▸ **Information shown**
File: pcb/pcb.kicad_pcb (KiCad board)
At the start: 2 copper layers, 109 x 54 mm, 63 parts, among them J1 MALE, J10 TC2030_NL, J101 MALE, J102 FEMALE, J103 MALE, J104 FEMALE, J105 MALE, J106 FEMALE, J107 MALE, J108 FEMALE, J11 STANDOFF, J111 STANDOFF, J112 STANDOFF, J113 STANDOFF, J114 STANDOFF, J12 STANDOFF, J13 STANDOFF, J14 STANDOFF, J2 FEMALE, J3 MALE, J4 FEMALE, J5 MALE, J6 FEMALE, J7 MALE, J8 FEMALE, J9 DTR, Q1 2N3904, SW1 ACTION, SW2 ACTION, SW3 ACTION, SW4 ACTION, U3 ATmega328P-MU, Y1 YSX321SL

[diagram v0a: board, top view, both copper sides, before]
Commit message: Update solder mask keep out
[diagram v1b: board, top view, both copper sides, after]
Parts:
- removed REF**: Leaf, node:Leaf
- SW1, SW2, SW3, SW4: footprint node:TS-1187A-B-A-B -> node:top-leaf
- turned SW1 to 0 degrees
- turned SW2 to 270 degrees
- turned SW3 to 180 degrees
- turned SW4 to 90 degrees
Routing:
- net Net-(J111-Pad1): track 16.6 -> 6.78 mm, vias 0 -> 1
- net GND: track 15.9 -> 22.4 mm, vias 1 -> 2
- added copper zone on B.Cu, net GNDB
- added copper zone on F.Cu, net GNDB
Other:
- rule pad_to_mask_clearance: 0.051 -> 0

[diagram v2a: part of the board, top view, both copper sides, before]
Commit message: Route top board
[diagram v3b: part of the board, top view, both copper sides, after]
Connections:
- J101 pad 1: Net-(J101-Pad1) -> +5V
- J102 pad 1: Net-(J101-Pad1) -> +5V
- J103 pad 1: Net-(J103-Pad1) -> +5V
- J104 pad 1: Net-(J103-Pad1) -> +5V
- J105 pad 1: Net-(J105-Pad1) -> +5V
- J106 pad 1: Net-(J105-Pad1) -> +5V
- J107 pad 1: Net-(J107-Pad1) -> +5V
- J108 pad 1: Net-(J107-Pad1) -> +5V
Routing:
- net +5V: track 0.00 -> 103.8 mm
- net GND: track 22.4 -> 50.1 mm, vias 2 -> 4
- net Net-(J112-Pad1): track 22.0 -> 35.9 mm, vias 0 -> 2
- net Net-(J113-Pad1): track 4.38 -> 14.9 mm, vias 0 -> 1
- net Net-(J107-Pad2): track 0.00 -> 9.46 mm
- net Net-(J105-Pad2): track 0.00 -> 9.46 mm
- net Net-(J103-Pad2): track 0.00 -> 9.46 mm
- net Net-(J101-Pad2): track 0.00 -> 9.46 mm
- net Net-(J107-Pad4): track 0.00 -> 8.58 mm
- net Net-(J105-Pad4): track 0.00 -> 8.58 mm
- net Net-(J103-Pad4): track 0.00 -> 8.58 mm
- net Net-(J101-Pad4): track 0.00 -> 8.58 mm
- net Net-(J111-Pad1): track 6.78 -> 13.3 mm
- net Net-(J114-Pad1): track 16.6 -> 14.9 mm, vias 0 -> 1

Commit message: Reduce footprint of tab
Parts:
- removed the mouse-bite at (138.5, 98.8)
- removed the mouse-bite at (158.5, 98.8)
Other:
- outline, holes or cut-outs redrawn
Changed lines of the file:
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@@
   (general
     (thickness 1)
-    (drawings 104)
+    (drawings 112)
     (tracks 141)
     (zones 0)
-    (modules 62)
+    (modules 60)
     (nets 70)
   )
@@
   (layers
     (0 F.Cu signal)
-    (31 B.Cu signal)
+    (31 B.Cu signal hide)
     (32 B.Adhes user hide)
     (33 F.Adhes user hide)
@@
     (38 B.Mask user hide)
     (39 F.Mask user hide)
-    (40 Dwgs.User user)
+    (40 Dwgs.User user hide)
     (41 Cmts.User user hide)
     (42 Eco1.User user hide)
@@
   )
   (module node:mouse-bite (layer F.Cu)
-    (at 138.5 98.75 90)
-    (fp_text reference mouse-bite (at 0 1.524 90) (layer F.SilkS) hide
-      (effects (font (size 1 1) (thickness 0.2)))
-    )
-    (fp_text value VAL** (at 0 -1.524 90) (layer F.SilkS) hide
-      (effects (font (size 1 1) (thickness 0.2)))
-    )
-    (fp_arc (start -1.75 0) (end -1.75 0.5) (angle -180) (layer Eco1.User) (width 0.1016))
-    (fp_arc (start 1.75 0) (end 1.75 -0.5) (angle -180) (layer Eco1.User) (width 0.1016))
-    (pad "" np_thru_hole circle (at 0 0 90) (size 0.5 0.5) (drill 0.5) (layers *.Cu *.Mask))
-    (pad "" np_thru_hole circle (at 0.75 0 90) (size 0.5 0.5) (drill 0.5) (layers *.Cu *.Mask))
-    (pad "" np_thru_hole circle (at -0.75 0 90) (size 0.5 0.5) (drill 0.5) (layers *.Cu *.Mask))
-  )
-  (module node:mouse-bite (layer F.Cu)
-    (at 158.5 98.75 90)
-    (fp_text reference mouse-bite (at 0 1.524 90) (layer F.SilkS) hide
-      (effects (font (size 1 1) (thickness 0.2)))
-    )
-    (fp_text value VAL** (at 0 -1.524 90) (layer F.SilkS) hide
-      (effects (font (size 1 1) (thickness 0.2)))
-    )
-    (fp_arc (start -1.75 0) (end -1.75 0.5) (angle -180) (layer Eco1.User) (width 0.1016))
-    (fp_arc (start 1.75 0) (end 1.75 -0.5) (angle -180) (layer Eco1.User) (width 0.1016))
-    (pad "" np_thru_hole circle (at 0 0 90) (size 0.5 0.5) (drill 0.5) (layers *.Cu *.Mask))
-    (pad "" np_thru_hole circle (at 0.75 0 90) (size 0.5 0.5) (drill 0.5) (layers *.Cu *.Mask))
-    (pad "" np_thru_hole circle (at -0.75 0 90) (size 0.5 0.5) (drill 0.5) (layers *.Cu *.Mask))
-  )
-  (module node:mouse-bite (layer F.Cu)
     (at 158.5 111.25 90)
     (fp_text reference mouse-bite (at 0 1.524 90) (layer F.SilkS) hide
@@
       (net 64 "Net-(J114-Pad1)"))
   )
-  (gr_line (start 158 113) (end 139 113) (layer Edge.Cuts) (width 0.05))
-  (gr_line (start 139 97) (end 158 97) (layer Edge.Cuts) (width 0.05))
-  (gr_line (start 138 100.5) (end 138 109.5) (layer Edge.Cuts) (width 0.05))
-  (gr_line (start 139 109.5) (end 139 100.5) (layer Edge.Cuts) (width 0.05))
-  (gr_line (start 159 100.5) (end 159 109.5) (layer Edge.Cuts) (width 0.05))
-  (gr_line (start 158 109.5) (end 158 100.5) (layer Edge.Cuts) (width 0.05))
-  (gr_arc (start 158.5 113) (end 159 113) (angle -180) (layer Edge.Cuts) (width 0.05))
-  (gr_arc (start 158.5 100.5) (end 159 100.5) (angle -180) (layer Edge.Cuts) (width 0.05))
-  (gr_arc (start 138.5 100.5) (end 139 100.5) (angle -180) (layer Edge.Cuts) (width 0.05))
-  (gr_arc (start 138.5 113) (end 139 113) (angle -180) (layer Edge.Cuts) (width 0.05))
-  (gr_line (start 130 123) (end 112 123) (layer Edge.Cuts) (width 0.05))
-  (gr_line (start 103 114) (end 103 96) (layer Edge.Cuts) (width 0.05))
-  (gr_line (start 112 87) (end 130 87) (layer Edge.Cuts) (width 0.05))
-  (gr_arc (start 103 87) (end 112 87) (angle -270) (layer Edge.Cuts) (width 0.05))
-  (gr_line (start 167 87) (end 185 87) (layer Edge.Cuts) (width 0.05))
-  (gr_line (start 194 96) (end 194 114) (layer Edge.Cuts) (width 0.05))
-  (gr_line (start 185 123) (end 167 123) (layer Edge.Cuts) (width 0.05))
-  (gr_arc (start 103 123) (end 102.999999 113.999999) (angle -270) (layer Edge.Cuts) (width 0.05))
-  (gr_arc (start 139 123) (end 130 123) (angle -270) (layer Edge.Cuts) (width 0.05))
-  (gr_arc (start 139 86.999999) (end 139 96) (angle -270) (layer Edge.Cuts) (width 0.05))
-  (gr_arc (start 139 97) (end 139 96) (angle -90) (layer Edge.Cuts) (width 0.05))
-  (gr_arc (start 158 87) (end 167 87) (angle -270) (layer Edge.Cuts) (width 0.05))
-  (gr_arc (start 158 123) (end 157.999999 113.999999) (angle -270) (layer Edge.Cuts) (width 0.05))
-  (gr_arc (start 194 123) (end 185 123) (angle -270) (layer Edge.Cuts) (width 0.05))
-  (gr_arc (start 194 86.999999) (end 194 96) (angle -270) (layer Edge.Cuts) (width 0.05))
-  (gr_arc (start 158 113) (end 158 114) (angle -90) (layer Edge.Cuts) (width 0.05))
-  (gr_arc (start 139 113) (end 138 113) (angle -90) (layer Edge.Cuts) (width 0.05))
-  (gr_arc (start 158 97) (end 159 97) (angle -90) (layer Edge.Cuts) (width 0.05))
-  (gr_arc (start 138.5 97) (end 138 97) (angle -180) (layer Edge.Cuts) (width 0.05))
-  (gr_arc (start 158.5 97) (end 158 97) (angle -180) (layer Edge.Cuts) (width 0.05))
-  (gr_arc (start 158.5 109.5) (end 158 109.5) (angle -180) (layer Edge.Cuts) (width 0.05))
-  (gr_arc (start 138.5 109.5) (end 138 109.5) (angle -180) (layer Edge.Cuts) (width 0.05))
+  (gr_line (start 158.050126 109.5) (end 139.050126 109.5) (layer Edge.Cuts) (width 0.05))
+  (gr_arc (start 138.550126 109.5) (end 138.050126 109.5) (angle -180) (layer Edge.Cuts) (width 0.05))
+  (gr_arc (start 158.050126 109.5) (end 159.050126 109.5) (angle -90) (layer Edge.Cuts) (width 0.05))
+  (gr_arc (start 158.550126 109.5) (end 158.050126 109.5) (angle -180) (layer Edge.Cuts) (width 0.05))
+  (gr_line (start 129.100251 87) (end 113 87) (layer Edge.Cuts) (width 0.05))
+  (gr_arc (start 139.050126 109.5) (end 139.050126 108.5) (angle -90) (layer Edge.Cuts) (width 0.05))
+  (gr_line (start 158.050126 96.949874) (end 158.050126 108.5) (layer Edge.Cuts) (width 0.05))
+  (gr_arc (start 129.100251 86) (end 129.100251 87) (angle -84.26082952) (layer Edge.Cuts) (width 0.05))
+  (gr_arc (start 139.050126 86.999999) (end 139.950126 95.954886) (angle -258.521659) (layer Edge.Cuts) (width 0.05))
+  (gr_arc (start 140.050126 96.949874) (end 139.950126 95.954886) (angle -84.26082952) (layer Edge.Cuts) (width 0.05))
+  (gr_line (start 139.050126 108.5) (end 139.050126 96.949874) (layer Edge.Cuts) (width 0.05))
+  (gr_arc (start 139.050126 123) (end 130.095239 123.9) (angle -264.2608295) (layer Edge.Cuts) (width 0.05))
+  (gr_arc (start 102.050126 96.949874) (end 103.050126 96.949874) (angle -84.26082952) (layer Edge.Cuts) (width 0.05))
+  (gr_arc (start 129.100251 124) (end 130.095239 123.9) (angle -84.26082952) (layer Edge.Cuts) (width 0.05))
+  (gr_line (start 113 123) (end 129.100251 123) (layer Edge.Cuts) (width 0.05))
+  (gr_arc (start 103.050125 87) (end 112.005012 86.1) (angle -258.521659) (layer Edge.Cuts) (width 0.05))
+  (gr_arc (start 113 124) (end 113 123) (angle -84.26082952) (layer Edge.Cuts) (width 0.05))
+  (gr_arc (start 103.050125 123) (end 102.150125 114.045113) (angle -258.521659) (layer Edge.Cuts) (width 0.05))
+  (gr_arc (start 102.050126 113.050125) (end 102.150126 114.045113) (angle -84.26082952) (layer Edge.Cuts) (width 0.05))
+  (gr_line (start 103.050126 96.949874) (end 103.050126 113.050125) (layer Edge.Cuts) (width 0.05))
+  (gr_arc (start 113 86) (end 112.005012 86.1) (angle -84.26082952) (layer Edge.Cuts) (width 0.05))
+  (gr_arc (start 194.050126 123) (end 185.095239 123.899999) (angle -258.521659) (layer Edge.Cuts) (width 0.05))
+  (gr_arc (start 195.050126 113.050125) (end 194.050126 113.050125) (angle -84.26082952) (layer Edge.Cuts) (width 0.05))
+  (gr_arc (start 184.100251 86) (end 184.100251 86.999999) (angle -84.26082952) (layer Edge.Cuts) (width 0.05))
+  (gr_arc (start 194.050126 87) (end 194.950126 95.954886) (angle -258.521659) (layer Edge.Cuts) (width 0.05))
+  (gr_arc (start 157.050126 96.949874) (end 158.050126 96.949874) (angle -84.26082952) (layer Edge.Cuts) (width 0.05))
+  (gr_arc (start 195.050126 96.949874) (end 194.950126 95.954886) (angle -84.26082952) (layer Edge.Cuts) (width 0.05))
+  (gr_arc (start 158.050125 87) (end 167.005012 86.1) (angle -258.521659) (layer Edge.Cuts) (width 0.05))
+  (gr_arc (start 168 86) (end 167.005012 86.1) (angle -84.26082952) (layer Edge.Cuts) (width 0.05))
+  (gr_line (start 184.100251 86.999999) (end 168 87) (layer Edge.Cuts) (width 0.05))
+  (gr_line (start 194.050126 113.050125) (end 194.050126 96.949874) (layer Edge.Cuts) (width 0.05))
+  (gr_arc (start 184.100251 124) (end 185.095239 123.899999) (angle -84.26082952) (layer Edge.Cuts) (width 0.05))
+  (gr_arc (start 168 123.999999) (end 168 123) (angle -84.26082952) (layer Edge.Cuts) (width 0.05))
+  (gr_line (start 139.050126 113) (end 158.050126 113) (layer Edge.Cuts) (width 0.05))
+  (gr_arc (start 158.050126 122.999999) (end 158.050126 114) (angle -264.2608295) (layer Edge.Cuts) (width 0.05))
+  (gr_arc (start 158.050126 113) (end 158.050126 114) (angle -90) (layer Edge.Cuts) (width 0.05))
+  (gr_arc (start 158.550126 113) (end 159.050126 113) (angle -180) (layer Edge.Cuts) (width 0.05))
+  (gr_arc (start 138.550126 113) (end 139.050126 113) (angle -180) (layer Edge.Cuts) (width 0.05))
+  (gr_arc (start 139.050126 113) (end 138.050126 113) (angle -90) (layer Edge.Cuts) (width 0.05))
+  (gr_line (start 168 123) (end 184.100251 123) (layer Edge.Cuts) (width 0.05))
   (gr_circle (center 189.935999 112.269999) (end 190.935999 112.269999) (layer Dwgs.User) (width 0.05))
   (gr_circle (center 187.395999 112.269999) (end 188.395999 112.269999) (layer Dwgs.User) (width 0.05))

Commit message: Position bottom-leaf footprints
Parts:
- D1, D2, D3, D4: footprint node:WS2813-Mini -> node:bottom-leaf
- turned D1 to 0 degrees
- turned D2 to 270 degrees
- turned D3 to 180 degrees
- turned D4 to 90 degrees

▸ **Assignment**
Above is a listing; print exactly its lines from the one with "139 113) (layer Edge.Cuts) (width 0.05))" through the one with "139 100.5) (layer Edge.Cuts) (width 0.05))", and no other lines.

▸ **Task answer**
-  (gr_line (start 158 113) (end 139 113) (layer Edge.Cuts) (width 0.05))
-  (gr_line (start 139 97) (end 158 97) (layer Edge.Cuts) (width 0.05))
-  (gr_line (start 138 100.5) (end 138 109.5) (layer Edge.Cuts) (width 0.05))
-  (gr_line (start 139 109.5) (end 139 100.5) (layer Edge.Cuts) (width 0.05))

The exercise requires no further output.